*WHAT YOU WILL DO*: Without the pictures, print the lines from the one holding "[diagram v7a: part" through the last line below, both included, exactly as they stand.

Start of DATA FOR REVIEW

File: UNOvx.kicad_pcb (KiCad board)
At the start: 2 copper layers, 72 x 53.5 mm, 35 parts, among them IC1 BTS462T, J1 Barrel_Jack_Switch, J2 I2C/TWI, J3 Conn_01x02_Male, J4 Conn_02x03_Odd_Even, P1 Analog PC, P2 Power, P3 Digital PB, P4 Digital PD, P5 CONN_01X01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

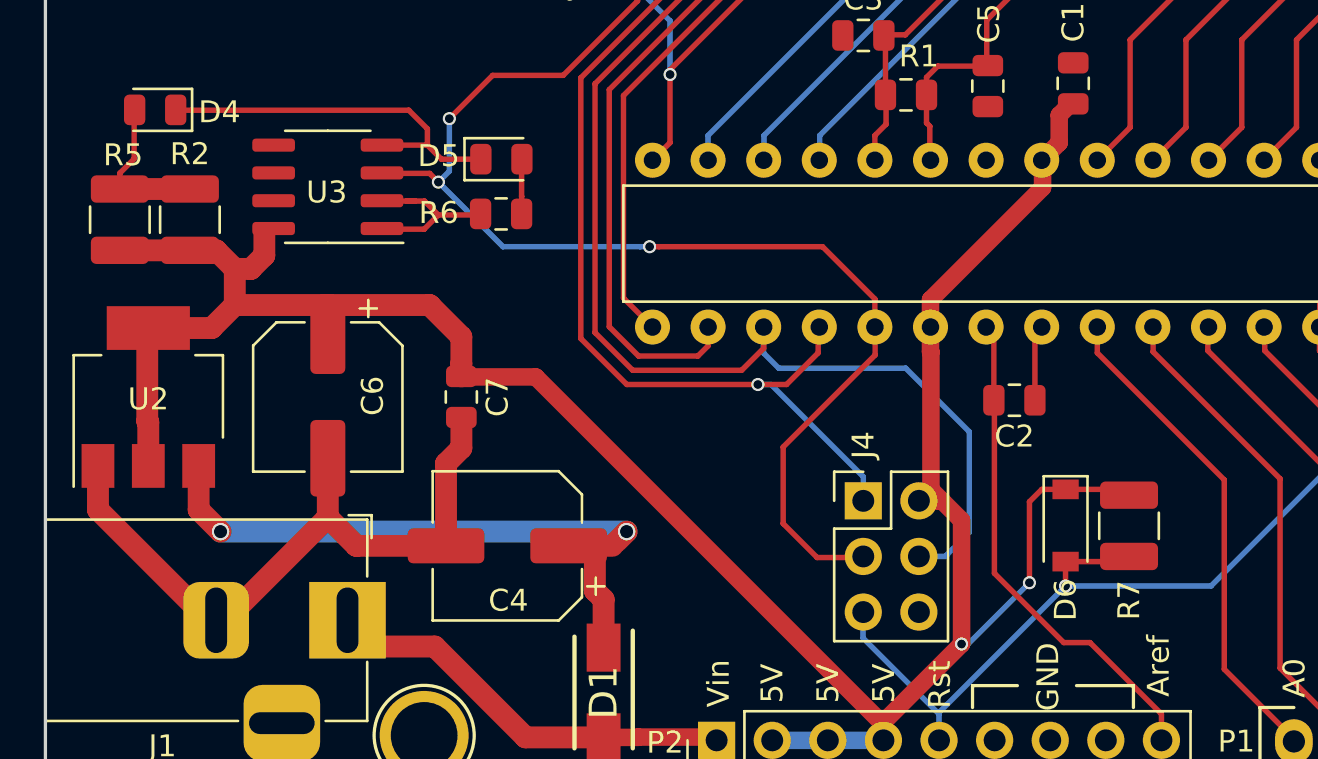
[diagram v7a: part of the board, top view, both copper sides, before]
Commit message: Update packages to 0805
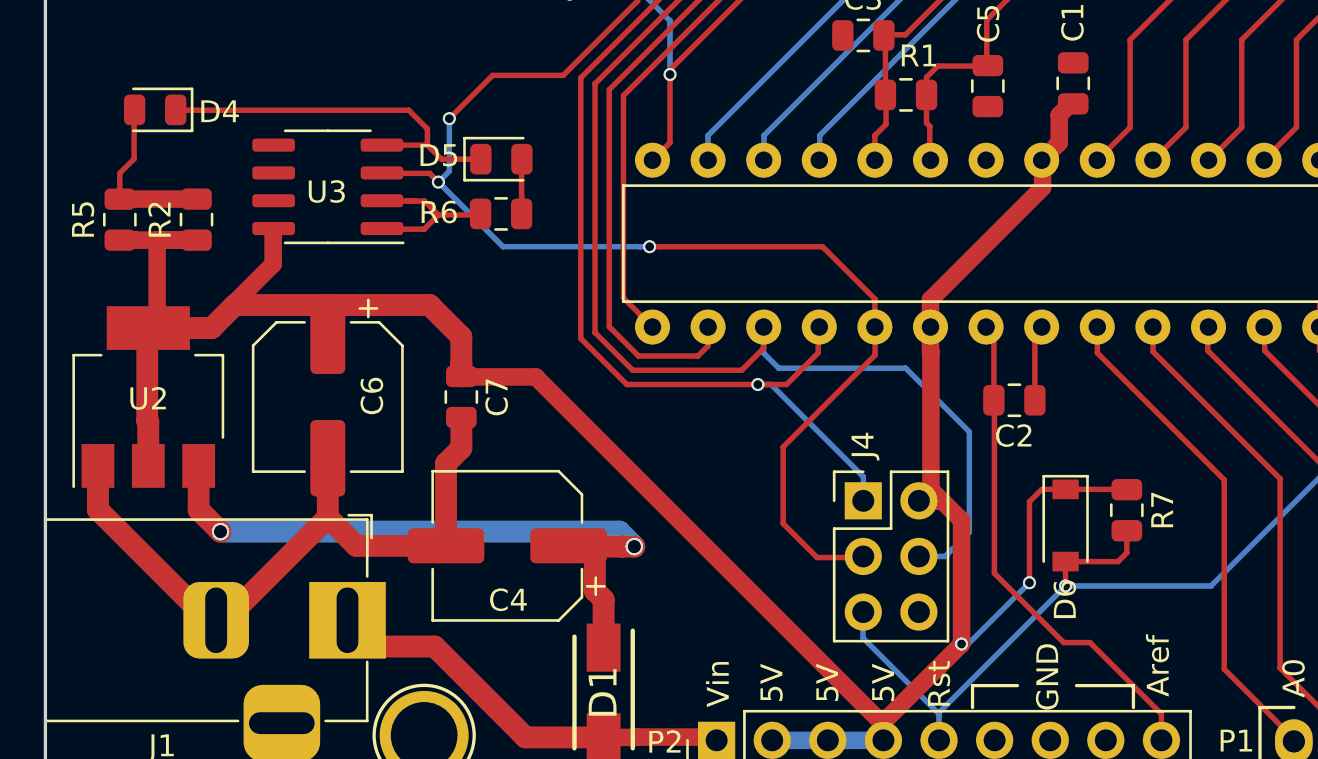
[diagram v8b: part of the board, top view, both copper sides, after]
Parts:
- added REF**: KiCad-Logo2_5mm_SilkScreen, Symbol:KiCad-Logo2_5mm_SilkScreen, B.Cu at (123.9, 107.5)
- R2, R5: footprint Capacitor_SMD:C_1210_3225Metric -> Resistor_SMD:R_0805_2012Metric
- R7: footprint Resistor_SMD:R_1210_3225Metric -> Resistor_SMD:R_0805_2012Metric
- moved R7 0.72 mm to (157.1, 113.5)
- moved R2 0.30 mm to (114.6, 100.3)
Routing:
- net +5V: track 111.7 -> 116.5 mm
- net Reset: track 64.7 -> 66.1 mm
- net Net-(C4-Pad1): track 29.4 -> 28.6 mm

End of DATA FOR REVIEW

*ANSWER*:
[diagram v7a: part of the board, top view, both copper sides, before]
Commit message: Update packages to 0805
[diagram v8b: part of the board, top view, both copper sides, after]
Parts:
- added REF**: KiCad-Logo2_5mm_SilkScreen, Symbol:KiCad-Logo2_5mm_SilkScreen, B.Cu at (123.9, 107.5)
- R2, R5: footprint Capacitor_SMD:C_1210_3225Metric -> Resistor_SMD:R_0805_2012Metric
- R7: footprint Resistor_SMD:R_1210_3225Metric -> Resistor_SMD:R_0805_2012Metric
- moved R7 0.72 mm to (157.1, 113.5)
- moved R2 0.30 mm to (114.6, 100.3)
Routing:
- net +5V: track 111.7 -> 116.5 mm
- net Reset: track 64.7 -> 66.1 mm
- net Net-(C4-Pad1): track 29.4 -> 28.6 mm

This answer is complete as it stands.